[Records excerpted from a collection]

★ ★ ★ ★ ★ ★ ★

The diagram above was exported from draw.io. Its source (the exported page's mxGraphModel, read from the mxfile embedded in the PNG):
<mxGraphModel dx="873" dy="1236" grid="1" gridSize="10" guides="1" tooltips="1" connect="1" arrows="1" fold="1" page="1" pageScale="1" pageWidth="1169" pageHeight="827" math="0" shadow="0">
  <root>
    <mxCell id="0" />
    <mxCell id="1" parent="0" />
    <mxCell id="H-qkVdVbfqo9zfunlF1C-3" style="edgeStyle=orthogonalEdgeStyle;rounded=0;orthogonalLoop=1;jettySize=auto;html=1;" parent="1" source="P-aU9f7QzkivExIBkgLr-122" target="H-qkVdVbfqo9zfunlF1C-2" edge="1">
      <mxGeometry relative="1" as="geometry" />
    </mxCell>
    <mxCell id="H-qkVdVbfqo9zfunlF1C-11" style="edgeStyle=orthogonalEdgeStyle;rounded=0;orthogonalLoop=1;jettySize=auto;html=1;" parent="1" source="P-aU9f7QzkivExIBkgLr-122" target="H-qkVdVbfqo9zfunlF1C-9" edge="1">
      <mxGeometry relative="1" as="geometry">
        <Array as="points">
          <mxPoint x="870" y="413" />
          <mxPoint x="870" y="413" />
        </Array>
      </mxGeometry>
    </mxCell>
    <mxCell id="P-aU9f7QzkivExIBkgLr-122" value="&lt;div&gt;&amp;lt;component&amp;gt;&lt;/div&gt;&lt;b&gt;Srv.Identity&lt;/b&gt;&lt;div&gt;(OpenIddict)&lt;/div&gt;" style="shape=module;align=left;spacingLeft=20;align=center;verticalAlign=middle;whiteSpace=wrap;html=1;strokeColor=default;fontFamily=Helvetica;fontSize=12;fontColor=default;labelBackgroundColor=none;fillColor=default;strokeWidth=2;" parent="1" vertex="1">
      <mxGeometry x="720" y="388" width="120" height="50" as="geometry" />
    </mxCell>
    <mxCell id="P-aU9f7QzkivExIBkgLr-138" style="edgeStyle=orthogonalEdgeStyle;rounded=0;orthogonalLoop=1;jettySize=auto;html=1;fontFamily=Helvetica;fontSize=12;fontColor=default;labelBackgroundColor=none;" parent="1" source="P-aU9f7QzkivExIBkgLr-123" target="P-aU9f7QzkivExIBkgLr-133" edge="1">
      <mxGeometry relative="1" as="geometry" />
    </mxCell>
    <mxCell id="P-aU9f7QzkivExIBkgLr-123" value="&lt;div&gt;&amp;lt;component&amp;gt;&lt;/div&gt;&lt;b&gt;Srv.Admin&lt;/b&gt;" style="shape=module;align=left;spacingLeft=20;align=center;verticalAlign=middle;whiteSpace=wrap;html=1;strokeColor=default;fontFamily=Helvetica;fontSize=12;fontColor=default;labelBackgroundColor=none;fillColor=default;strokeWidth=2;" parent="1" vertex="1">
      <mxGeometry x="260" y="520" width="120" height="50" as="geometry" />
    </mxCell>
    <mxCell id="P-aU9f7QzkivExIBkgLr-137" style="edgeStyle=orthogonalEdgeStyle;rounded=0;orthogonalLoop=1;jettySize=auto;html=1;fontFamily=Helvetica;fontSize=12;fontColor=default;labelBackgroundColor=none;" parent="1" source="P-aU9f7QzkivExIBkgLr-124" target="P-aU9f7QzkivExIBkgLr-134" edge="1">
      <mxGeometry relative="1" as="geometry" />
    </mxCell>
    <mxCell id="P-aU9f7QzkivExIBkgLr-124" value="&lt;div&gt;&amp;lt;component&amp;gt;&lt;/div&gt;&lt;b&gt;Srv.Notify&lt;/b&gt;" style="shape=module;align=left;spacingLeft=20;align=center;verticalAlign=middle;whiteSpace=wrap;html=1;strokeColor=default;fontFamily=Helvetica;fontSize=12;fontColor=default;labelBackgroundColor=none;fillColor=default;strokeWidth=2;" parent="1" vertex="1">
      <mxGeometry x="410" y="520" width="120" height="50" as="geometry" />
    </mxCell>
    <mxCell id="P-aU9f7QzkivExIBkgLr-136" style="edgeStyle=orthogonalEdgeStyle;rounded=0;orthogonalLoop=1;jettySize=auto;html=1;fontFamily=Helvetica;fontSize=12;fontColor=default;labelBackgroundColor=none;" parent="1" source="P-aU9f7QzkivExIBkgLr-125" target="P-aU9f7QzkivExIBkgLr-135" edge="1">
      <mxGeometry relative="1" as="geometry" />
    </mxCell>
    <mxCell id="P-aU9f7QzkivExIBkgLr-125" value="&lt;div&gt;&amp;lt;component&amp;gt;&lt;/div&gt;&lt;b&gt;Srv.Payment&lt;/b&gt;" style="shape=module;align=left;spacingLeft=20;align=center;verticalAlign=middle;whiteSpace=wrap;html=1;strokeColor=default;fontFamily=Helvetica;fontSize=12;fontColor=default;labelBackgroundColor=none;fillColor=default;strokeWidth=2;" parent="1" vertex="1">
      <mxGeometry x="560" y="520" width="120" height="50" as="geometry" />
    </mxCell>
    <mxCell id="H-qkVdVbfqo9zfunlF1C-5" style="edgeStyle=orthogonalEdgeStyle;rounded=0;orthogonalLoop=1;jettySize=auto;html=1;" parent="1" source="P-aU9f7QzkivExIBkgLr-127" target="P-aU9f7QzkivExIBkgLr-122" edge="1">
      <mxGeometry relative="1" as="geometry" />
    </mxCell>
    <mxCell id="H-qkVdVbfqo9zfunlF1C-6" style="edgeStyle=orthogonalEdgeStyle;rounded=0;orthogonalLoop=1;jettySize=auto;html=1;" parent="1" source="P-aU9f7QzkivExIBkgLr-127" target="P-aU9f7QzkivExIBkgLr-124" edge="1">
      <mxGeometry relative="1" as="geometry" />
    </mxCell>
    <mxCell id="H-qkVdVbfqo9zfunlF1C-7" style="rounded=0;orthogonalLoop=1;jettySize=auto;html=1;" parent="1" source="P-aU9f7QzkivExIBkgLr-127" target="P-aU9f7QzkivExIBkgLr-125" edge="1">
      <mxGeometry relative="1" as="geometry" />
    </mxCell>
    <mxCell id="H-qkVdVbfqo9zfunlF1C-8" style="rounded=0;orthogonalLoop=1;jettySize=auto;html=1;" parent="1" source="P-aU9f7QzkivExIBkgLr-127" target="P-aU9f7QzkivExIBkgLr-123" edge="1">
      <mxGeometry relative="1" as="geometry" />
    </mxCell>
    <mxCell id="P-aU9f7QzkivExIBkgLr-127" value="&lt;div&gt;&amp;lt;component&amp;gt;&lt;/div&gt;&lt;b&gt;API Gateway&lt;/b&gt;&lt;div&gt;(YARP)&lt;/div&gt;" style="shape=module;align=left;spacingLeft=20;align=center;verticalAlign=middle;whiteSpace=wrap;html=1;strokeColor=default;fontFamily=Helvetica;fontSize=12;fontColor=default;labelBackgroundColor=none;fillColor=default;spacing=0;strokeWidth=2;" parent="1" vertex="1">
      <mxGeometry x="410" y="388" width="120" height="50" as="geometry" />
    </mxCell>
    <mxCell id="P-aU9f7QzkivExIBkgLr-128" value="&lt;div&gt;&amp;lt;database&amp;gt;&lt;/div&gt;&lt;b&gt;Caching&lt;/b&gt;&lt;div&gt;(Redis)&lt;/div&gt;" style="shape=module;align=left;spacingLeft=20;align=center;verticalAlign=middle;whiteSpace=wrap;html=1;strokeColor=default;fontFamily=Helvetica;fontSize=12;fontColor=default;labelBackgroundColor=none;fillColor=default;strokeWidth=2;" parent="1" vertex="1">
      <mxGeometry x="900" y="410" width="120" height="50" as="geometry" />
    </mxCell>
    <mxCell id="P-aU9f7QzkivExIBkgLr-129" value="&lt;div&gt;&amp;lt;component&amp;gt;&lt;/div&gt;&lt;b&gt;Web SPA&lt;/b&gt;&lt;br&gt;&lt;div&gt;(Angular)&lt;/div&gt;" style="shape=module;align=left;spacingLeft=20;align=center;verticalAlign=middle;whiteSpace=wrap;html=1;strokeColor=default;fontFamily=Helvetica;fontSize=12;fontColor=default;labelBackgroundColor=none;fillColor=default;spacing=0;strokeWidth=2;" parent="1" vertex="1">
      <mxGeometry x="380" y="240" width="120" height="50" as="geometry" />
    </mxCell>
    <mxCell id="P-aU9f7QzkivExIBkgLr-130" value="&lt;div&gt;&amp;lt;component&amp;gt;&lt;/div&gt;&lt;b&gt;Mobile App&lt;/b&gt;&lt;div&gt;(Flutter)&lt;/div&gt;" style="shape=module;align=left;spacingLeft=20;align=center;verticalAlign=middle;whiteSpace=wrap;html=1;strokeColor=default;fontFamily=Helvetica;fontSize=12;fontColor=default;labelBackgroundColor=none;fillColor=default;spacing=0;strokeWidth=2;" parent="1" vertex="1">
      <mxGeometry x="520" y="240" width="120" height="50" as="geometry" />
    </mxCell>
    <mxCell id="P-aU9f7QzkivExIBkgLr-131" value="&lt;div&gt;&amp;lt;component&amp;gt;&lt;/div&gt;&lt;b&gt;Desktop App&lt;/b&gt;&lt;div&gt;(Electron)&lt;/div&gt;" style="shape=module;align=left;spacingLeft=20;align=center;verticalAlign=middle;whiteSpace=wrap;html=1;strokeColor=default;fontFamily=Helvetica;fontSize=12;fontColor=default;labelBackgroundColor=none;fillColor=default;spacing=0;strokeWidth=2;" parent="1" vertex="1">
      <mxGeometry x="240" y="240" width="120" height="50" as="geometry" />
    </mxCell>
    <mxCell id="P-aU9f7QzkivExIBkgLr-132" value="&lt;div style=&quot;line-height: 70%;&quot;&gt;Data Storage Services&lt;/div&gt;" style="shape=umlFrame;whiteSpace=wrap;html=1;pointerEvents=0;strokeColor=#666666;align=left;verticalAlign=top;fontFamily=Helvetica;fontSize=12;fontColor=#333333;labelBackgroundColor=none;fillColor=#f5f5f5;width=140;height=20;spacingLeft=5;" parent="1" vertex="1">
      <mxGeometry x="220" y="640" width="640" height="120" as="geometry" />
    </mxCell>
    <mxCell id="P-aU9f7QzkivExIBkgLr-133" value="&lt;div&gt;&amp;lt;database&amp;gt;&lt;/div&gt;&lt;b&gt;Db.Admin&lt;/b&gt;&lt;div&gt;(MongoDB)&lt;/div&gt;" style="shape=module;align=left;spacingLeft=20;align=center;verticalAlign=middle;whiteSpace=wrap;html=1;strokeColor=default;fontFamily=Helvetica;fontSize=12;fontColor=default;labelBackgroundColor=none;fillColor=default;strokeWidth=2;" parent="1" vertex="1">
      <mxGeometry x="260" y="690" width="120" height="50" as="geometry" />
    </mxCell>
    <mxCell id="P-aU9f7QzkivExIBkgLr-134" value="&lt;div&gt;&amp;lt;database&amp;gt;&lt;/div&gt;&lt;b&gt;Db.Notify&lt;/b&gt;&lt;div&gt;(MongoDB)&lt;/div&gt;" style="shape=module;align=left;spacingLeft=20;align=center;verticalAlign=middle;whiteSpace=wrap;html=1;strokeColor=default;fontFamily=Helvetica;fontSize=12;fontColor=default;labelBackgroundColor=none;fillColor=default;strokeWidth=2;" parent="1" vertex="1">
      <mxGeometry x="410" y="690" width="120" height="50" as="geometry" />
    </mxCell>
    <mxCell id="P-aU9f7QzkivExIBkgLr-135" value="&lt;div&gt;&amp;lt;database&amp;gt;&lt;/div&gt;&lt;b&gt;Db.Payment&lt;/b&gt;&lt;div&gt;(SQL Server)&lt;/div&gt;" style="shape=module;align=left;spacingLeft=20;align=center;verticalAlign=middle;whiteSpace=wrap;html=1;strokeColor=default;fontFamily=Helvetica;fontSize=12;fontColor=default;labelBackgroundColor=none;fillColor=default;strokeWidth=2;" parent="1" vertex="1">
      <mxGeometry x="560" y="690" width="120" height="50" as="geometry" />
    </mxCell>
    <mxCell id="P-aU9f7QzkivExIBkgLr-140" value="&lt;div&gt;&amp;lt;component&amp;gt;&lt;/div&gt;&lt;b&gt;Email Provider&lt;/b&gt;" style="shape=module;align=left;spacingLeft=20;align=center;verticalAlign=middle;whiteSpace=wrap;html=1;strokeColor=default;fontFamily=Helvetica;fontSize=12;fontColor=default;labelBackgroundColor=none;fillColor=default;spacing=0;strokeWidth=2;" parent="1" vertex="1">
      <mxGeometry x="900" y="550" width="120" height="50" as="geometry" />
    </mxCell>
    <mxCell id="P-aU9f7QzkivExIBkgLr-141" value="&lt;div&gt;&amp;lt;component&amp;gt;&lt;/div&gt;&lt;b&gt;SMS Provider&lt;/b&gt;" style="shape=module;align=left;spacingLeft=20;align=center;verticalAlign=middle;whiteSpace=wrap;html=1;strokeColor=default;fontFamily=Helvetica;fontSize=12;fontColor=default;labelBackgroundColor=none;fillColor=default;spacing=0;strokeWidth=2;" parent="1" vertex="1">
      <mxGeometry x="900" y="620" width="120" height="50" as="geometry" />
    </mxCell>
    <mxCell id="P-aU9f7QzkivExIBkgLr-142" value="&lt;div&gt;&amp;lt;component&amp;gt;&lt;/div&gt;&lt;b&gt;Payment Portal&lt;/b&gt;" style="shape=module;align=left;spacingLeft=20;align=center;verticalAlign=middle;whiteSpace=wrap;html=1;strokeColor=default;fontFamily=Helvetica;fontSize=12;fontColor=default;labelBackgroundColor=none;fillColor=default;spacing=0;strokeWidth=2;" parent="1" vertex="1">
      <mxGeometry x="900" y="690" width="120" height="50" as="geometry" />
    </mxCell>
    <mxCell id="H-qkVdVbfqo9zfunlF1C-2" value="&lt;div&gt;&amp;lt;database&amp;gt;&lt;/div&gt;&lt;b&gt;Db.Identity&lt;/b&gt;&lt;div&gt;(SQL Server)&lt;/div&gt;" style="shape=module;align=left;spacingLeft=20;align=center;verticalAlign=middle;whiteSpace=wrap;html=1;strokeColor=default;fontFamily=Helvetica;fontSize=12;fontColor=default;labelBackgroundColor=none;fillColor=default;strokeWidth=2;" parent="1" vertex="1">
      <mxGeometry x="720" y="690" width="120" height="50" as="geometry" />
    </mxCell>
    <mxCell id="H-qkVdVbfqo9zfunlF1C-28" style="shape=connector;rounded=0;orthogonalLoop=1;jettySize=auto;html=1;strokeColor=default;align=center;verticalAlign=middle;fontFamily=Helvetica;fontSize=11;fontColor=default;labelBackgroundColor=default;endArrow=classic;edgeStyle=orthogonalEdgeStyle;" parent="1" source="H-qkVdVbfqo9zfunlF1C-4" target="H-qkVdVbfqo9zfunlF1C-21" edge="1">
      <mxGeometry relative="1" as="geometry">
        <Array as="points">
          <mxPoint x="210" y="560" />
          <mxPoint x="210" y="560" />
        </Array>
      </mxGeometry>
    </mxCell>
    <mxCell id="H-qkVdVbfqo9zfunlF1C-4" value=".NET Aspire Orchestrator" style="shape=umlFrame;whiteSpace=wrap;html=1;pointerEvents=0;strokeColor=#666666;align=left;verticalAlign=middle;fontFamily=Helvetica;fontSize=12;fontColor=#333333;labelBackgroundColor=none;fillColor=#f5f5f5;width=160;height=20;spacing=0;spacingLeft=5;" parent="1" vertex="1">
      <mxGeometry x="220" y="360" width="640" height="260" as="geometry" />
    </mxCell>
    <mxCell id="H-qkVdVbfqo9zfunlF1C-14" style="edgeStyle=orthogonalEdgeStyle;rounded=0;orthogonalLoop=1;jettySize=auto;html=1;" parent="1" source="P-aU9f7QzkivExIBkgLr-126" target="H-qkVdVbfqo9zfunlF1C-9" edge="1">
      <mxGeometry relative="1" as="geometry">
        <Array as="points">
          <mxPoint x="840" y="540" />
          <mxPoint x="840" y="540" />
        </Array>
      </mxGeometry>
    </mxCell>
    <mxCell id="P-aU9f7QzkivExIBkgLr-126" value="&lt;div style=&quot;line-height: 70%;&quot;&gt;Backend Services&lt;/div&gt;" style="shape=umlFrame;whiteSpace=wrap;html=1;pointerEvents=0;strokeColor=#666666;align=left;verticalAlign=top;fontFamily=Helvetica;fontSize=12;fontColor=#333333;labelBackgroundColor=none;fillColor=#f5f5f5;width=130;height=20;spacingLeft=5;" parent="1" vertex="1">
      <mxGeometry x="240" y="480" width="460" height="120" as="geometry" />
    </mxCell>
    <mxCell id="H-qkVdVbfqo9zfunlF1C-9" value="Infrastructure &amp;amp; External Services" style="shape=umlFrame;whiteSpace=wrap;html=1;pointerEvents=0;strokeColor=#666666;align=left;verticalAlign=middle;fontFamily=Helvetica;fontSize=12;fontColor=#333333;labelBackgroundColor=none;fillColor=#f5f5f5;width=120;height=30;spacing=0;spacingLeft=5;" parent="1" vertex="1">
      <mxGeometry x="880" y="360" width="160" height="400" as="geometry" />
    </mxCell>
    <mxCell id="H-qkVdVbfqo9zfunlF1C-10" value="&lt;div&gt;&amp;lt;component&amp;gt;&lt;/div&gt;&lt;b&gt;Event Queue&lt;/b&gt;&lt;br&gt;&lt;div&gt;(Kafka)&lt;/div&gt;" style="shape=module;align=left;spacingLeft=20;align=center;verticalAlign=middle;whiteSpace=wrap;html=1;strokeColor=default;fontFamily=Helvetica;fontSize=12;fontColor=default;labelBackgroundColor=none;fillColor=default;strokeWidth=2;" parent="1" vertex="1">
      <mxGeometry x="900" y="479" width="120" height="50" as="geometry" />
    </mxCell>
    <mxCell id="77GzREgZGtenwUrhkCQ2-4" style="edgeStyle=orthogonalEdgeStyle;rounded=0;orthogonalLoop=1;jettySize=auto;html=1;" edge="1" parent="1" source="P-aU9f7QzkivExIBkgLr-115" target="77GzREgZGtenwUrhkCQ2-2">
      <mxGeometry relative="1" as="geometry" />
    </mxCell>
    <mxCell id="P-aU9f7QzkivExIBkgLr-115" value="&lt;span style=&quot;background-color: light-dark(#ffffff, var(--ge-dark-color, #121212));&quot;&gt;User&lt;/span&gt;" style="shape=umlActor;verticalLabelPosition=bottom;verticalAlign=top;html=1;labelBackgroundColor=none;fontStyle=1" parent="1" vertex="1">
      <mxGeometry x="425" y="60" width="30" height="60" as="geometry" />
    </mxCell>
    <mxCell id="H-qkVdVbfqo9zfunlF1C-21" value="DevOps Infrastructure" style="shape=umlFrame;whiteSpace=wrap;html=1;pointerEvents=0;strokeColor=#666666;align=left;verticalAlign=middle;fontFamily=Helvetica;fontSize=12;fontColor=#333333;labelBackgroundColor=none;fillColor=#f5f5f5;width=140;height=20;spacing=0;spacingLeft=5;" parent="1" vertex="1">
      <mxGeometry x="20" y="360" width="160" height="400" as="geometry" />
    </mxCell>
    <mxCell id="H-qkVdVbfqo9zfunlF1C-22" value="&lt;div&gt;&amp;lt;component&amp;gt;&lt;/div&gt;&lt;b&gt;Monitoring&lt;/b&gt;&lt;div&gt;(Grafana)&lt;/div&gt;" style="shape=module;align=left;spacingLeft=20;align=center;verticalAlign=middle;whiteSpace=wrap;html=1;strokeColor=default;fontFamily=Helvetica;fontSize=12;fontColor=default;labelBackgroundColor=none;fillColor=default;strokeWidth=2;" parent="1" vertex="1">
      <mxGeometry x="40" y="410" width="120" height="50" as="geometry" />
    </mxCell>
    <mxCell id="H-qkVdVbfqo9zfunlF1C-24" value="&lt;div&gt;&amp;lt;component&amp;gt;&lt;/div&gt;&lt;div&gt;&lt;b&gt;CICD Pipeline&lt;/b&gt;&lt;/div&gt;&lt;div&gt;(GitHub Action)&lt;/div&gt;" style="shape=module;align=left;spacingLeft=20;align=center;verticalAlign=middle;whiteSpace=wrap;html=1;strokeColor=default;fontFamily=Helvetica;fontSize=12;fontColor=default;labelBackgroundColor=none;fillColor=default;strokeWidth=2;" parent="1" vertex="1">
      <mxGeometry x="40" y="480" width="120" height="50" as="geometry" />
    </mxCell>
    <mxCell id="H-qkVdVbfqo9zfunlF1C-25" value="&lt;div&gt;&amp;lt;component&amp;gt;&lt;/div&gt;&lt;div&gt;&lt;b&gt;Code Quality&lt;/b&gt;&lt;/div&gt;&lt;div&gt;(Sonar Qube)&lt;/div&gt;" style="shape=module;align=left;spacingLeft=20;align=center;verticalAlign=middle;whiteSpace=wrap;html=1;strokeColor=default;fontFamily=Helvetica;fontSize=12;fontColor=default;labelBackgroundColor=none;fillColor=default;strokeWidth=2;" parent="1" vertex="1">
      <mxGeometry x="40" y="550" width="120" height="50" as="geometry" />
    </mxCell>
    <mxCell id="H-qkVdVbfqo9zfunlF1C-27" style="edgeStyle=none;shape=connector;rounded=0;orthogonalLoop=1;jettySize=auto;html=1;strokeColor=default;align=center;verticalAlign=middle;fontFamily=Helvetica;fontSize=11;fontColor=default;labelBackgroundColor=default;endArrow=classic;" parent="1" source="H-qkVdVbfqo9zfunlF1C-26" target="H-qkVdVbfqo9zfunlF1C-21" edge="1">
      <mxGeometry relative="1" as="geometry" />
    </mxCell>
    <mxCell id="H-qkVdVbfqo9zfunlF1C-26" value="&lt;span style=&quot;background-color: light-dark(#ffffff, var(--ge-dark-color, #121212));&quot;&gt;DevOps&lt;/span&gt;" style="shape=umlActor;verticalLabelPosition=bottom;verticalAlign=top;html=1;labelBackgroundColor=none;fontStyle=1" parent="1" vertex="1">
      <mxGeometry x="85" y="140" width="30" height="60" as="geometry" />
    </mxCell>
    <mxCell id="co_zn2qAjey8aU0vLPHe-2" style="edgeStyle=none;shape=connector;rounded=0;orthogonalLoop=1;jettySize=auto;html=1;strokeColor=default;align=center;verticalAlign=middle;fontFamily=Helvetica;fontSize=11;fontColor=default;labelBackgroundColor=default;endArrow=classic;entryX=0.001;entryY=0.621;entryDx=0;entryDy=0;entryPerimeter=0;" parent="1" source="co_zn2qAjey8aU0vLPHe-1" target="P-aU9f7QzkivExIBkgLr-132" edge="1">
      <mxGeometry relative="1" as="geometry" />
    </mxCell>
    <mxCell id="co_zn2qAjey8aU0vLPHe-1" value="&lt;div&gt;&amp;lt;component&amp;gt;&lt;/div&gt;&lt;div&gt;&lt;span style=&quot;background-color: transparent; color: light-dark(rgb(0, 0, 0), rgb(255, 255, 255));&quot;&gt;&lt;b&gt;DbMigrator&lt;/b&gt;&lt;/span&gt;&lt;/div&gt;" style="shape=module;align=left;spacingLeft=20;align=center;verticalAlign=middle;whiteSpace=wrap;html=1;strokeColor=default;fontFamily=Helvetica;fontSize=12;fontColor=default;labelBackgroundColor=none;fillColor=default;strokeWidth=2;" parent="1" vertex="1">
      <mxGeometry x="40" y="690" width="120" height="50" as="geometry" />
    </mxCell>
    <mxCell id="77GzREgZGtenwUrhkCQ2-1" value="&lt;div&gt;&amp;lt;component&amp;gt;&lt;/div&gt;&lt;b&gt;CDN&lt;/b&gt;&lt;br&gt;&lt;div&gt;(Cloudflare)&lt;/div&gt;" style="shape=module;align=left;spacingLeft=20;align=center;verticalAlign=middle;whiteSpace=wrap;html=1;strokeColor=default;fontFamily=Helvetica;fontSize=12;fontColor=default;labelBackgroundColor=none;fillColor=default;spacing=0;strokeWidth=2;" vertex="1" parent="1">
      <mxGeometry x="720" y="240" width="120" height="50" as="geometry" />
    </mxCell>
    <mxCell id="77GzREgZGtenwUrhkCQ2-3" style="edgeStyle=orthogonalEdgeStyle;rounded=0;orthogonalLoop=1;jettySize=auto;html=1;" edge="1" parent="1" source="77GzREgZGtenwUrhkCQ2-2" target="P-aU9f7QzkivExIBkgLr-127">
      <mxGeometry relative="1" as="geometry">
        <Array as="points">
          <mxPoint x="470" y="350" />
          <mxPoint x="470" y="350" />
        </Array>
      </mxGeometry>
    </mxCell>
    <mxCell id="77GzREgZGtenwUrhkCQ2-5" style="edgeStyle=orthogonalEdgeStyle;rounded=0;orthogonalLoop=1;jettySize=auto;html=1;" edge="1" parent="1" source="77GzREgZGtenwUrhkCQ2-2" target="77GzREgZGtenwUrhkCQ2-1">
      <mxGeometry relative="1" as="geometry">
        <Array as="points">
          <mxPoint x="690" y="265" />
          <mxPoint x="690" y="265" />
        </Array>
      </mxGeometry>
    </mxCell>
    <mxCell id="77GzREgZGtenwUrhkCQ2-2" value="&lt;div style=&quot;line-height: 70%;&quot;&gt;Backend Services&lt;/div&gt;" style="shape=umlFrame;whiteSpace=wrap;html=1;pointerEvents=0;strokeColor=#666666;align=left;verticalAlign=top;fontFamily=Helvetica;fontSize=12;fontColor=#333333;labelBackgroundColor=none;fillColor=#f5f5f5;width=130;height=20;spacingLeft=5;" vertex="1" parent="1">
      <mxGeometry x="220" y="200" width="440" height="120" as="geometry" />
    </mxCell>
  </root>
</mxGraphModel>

★ ★ ★ ★ ★ ★ ★

> [What is expected]: Report each line in the entries where the string "page" occurs.

> [Answer section]:
The diagram above was exported from draw.io. Its source (the exported page's mxGraphModel, read from the mxfile embedded in the PNG):
<mxGraphModel dx="873" dy="1236" grid="1" gridSize="10" guides="1" tooltips="1" connect="1" arrows="1" fold="1" page="1" pageScale="1" pageWidth="1169" pageHeight="827" math="0" shadow="0">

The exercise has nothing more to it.